On April 21, under the care of a new wound care specialist, Sue Wilson of Good Samaritan Hospital in Portland, Ore., I began treatment with Miracle Mist. The wound measured 2.2 by 2.7 centimeters. The skin surrounding the wound was red and irritated. The walls of the wound perimeter looked rough. Wound depth was about 3 millimeters.

For one week I sprayed the wound with Miracle Mist twice daily and covered it with a clean, sterile 2-by-2-inch gauze pad, but excessive drainage still favored maceration. I began spraying and changing dressings three times daily and air-drying the wound for 15 to 30 minutes each dressing change, which mitigated maceration.

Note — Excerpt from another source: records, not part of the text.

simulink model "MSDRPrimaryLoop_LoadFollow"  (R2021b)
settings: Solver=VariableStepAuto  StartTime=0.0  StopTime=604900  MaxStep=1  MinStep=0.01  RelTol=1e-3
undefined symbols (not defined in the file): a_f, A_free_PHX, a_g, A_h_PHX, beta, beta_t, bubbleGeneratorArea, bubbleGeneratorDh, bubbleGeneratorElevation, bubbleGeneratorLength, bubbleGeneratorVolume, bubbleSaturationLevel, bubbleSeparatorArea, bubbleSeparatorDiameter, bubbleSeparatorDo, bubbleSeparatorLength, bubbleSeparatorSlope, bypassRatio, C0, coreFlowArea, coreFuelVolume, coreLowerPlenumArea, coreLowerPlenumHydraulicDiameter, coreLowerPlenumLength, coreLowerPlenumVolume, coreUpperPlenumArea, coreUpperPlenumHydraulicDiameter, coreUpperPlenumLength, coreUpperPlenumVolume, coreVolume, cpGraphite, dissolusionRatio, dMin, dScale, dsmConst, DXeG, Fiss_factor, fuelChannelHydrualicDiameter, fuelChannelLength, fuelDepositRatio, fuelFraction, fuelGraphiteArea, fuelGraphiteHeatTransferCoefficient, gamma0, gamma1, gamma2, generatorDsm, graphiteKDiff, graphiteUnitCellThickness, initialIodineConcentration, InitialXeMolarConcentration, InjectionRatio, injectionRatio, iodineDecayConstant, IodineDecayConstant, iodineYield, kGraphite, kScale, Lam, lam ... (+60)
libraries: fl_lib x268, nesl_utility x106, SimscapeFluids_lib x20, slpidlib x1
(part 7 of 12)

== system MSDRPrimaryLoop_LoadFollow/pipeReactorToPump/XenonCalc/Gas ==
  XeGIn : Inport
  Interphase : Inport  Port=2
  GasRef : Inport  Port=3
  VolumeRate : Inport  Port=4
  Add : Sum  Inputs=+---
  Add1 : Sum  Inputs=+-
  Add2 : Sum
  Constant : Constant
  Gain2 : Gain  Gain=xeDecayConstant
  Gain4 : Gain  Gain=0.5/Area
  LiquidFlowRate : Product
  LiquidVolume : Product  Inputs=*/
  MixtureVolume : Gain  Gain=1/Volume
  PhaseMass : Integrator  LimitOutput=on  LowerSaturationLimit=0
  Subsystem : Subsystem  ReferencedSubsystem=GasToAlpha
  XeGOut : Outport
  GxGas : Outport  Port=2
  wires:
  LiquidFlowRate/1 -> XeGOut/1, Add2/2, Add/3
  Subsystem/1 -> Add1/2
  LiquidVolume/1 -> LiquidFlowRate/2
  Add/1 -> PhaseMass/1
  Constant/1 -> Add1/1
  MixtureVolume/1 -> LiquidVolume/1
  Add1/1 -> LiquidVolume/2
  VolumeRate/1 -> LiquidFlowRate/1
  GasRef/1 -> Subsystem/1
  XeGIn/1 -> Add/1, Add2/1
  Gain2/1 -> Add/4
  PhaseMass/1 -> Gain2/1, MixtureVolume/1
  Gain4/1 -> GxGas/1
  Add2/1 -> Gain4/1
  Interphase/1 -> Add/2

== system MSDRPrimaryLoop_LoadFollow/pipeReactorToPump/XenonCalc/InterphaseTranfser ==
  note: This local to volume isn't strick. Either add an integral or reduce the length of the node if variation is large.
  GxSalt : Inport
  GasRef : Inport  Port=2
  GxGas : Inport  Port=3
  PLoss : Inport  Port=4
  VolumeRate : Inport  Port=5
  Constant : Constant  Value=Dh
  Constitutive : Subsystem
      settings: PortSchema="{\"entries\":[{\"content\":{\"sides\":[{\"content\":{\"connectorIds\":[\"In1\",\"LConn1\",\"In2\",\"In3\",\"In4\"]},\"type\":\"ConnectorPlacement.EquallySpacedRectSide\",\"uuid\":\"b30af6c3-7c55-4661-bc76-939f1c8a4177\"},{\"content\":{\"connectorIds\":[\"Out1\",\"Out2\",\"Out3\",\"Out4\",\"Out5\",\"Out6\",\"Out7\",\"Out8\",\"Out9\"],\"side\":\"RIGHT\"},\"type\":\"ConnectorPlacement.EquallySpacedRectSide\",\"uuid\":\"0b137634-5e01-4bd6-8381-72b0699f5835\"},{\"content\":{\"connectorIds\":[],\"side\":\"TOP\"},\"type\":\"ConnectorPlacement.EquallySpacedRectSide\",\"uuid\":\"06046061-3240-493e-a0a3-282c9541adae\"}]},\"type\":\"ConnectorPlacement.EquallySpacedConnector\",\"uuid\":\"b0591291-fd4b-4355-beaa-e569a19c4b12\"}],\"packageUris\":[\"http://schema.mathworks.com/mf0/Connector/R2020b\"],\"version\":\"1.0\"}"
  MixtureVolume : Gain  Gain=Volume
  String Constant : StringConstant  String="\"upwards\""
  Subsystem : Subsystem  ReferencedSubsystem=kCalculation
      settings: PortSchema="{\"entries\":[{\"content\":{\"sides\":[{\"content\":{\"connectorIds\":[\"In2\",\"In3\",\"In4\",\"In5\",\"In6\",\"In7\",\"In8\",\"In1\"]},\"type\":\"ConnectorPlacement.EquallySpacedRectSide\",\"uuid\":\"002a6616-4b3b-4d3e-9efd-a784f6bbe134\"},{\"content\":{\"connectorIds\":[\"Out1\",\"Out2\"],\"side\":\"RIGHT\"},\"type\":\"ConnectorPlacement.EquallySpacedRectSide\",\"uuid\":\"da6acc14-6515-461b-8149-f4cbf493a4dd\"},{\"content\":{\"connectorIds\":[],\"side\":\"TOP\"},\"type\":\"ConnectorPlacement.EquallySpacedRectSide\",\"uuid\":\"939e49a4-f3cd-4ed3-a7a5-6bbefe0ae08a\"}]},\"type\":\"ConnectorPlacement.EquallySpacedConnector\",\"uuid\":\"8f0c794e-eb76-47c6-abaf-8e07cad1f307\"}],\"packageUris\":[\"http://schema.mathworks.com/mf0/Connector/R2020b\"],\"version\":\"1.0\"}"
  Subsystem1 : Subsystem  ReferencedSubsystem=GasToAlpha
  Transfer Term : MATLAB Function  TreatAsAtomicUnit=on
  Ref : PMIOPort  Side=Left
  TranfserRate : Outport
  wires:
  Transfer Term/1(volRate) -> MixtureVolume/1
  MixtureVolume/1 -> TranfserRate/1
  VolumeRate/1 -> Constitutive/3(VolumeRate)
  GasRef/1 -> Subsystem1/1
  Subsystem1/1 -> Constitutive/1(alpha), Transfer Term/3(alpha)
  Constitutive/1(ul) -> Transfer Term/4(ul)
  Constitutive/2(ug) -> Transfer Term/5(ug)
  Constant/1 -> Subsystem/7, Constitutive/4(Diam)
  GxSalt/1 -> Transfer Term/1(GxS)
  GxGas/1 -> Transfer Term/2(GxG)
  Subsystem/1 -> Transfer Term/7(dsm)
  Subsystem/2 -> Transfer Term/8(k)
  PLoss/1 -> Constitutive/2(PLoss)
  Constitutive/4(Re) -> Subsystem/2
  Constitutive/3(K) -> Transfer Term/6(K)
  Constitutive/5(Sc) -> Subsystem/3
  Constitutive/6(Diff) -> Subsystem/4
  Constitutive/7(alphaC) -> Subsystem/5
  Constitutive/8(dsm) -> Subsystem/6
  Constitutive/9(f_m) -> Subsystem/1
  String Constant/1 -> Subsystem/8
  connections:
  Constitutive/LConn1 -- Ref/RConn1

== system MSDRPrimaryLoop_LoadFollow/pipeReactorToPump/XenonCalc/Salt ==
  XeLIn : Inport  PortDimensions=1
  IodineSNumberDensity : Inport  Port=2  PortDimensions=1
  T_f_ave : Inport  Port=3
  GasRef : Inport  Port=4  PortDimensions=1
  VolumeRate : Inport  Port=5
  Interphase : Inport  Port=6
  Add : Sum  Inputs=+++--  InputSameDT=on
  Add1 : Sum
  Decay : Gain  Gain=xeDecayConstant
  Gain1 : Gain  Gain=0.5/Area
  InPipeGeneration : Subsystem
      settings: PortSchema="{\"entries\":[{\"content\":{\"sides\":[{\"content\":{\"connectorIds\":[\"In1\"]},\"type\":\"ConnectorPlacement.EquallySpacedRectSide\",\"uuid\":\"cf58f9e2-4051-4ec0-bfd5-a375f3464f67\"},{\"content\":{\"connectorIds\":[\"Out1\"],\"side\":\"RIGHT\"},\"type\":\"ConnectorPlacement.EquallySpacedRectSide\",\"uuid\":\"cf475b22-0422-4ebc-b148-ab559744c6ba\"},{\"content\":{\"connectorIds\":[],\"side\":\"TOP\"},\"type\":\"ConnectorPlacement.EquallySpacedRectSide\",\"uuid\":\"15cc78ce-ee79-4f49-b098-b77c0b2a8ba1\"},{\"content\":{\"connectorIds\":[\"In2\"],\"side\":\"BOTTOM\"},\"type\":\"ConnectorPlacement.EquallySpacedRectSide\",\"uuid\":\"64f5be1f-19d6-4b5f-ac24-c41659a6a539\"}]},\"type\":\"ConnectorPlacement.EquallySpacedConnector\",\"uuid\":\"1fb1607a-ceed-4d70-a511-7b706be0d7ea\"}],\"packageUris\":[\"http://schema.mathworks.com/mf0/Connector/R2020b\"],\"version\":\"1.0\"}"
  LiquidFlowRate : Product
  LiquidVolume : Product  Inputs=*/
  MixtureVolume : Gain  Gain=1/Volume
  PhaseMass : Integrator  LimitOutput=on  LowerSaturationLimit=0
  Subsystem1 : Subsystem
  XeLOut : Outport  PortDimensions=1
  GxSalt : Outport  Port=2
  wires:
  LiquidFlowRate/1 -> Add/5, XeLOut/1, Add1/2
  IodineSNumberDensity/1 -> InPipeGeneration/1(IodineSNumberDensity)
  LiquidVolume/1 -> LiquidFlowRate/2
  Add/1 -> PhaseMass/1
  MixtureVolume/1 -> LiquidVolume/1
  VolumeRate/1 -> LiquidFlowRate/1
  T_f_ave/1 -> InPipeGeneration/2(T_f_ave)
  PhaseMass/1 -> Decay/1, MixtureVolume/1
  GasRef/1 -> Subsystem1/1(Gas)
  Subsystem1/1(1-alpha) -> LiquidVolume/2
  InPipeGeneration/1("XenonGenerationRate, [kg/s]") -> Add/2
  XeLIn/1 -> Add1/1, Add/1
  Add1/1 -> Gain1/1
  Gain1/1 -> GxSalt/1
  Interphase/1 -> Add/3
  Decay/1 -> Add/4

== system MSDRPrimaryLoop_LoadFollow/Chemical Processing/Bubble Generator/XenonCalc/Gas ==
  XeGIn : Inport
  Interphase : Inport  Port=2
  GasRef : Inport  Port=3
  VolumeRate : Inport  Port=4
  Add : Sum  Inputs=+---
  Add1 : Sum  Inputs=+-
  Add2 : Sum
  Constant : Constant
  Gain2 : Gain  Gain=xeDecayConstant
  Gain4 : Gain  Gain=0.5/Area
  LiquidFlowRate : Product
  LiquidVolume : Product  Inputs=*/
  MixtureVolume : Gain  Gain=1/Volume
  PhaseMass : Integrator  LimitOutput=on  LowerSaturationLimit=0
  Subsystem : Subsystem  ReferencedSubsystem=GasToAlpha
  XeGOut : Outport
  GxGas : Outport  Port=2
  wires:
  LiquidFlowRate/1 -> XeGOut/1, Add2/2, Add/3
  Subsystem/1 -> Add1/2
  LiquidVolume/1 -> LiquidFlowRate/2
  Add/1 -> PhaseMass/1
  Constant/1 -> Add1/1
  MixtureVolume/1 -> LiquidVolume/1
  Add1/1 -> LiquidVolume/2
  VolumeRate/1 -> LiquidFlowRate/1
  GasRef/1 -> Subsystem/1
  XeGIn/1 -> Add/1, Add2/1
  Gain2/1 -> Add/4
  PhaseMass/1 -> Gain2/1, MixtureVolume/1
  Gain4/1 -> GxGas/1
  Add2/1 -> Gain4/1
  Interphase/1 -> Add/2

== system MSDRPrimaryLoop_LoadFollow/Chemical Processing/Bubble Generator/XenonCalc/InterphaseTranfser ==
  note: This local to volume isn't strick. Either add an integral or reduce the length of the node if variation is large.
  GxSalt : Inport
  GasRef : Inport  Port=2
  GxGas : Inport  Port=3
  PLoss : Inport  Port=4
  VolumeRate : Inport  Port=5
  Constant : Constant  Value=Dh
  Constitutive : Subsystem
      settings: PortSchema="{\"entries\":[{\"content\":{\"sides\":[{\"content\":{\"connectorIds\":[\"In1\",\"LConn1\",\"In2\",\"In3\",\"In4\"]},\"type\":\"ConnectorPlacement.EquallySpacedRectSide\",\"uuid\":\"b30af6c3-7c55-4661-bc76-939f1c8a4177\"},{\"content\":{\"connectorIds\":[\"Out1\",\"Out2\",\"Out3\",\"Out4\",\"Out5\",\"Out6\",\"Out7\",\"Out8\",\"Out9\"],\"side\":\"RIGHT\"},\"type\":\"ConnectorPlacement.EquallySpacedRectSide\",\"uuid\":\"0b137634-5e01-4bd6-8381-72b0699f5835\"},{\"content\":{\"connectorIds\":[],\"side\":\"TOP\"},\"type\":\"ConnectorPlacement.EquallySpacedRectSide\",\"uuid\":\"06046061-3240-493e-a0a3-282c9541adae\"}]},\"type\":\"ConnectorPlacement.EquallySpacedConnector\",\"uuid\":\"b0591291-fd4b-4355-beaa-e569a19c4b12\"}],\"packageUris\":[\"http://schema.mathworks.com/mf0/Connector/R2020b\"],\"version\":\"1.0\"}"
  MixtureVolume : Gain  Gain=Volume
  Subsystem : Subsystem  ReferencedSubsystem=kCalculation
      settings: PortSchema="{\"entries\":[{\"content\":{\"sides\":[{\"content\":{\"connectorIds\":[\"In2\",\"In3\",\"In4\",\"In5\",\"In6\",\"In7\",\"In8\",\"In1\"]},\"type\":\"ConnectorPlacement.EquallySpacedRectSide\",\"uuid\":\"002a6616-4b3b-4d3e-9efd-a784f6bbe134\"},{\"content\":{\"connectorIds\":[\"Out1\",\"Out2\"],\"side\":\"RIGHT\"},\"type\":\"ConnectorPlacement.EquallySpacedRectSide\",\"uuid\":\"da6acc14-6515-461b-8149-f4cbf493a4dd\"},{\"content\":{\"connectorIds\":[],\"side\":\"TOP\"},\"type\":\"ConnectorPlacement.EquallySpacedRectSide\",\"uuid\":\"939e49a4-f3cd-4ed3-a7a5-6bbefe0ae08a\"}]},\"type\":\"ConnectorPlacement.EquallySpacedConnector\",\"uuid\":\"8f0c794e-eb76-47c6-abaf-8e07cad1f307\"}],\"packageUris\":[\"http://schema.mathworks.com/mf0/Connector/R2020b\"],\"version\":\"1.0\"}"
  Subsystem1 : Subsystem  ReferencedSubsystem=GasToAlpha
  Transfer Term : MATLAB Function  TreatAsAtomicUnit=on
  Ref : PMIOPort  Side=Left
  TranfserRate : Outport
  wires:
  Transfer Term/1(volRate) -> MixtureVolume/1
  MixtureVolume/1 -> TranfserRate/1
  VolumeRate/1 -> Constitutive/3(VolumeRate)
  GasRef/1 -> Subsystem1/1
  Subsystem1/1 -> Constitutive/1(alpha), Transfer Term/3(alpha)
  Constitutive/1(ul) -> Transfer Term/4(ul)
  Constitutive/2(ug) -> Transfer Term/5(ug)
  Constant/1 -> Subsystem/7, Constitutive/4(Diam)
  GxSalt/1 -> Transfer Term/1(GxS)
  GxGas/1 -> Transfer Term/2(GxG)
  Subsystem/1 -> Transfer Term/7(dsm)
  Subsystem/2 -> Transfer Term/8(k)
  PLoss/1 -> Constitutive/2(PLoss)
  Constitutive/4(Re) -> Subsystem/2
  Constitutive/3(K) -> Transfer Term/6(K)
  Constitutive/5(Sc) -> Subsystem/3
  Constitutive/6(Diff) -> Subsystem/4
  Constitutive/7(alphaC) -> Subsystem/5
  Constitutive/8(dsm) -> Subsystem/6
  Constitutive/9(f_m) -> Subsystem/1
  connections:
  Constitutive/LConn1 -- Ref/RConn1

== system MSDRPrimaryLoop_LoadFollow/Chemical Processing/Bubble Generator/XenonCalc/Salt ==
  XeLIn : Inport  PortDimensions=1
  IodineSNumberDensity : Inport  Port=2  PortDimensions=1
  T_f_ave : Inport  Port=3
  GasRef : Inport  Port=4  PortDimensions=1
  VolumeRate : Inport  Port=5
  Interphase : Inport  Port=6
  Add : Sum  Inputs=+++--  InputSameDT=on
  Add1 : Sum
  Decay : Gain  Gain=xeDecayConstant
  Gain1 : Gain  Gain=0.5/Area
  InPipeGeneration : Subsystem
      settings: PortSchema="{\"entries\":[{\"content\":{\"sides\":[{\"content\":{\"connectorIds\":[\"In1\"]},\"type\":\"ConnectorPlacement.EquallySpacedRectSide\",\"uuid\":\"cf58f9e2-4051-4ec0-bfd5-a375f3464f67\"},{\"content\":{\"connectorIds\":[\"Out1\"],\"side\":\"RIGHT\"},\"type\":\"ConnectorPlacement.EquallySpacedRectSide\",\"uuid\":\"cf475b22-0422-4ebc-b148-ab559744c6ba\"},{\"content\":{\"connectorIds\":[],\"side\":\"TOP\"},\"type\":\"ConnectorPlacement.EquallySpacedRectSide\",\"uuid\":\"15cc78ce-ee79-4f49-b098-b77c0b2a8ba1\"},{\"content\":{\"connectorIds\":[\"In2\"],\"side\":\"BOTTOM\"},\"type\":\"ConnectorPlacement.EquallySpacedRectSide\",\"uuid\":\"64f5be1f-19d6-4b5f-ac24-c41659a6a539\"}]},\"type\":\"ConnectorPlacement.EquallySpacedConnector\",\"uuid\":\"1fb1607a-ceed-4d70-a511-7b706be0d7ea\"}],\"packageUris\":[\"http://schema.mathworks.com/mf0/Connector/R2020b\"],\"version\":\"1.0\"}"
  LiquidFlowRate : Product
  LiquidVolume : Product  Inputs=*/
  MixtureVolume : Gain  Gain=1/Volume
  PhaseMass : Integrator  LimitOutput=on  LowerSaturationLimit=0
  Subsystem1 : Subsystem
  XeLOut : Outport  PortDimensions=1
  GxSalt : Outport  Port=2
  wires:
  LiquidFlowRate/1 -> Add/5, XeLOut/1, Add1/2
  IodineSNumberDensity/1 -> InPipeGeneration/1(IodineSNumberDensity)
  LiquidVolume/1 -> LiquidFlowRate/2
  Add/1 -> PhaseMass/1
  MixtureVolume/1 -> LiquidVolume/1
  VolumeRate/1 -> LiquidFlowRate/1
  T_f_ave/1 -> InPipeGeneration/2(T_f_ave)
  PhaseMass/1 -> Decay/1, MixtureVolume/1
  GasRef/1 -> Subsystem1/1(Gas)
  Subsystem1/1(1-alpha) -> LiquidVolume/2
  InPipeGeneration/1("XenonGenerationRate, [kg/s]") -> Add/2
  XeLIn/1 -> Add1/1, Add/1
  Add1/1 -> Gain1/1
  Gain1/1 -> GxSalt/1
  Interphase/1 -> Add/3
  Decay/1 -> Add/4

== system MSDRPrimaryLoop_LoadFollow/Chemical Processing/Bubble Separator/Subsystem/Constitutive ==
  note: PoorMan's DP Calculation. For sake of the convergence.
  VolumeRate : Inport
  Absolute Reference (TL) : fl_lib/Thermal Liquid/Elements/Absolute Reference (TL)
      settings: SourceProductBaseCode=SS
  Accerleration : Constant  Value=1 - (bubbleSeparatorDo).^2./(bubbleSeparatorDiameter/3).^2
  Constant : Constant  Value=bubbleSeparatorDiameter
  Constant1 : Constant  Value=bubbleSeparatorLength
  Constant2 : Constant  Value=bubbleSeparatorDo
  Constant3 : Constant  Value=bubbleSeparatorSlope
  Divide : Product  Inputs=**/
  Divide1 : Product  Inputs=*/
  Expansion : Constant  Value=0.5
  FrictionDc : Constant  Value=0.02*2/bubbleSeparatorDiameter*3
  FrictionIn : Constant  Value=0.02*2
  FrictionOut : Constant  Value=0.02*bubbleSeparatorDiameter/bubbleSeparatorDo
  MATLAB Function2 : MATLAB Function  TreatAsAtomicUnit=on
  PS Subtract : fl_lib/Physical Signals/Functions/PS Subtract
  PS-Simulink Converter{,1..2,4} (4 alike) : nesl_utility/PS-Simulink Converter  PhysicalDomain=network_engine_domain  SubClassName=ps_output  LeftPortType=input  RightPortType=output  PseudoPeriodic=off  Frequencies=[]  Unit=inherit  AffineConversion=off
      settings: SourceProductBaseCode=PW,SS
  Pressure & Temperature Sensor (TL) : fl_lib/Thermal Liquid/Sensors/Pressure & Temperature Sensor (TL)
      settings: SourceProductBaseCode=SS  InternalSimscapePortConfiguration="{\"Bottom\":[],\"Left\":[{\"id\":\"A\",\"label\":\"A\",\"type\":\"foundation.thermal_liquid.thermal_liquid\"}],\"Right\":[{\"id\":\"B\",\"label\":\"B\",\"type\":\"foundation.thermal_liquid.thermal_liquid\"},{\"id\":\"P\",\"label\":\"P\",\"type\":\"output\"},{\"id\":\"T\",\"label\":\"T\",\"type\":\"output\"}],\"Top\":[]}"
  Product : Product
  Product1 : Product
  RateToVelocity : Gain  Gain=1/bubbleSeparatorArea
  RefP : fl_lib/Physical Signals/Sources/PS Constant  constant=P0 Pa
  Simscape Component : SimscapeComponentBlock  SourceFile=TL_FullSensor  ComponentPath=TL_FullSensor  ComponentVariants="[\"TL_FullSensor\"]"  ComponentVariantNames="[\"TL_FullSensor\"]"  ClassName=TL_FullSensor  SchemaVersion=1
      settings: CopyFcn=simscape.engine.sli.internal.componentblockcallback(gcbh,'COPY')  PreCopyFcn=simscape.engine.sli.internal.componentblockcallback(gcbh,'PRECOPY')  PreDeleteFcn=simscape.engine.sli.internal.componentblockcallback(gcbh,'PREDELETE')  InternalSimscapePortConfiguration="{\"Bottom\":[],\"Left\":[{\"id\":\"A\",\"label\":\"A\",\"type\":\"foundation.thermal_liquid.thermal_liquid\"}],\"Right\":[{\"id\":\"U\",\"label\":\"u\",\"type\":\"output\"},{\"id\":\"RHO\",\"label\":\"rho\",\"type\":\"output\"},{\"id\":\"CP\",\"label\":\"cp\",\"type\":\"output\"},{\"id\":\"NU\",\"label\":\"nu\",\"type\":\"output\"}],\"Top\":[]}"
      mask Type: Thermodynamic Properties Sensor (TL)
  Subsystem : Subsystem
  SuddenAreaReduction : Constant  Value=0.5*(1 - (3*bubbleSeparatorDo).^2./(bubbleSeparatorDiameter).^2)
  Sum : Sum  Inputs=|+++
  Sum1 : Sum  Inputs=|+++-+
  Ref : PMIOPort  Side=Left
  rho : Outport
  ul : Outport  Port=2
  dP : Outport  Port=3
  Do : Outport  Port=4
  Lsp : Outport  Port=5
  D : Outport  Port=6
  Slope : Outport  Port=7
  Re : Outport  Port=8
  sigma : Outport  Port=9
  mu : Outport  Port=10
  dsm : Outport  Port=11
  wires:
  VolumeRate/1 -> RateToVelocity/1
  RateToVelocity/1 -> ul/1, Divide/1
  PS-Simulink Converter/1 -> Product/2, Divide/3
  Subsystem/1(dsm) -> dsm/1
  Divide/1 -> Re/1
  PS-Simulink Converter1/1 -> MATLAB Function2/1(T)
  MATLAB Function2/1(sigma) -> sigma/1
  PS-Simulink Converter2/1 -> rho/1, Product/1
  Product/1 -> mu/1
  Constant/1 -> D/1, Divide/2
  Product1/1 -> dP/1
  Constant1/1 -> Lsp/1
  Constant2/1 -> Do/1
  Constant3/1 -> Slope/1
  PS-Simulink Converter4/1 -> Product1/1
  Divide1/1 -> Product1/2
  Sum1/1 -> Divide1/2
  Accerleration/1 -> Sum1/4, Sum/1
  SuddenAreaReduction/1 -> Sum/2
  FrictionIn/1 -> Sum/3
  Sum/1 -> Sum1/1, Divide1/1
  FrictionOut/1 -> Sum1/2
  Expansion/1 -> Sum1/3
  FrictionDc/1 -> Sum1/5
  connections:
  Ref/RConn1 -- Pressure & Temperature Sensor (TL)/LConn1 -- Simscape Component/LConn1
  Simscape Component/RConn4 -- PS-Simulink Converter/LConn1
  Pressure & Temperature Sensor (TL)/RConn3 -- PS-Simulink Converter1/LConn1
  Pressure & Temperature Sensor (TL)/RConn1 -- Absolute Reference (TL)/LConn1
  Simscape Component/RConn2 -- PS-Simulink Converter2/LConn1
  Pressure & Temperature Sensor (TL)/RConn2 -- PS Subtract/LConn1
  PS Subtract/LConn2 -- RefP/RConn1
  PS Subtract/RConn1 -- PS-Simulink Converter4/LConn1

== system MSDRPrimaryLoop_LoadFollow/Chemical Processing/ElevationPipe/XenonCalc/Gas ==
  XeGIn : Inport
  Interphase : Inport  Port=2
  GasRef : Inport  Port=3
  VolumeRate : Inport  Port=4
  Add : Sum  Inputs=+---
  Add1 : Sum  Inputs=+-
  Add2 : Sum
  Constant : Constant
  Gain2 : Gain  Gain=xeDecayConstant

On May 5, two weeks from beginning the treatment, wound size remained the same, but surrounding redness and irritation had improved. Most importantly, the wound depth had lessened slightly adjacent to the wound borders. Over the next five weeks, wound depth continued to improve in an area covering about 25 percent of the wound surface. On June 2, after six weeks’ treatment with Miracle Mist, the wound measured 1.5 by 1.9 centimeters. Infilling had begun. However, formation of new healthy tissue was slow, and there was some concern about the long term viability of the tissue due to previous scar tissue in the area.

After six weeks, both Sue Wilson and I felt that continuing treatment with Miracle Mist was justified, but that careful management was critical. Interestingly, we discovered that gauze pads made by Kendall Curity did a better job of debriding devitalized tissue and removing slough than other brands.

Wound healing is a complex process. There are no quick fixes or miracle treatments. Other factors that require close attention, besides avoiding maceration, are avoiding excessive dryness, limiting swelling, minimizing or eliminating pressure on the wound, maintaining proper nutrition, avoiding cold temperatures, and careful debriding of slough and necrotic tissue.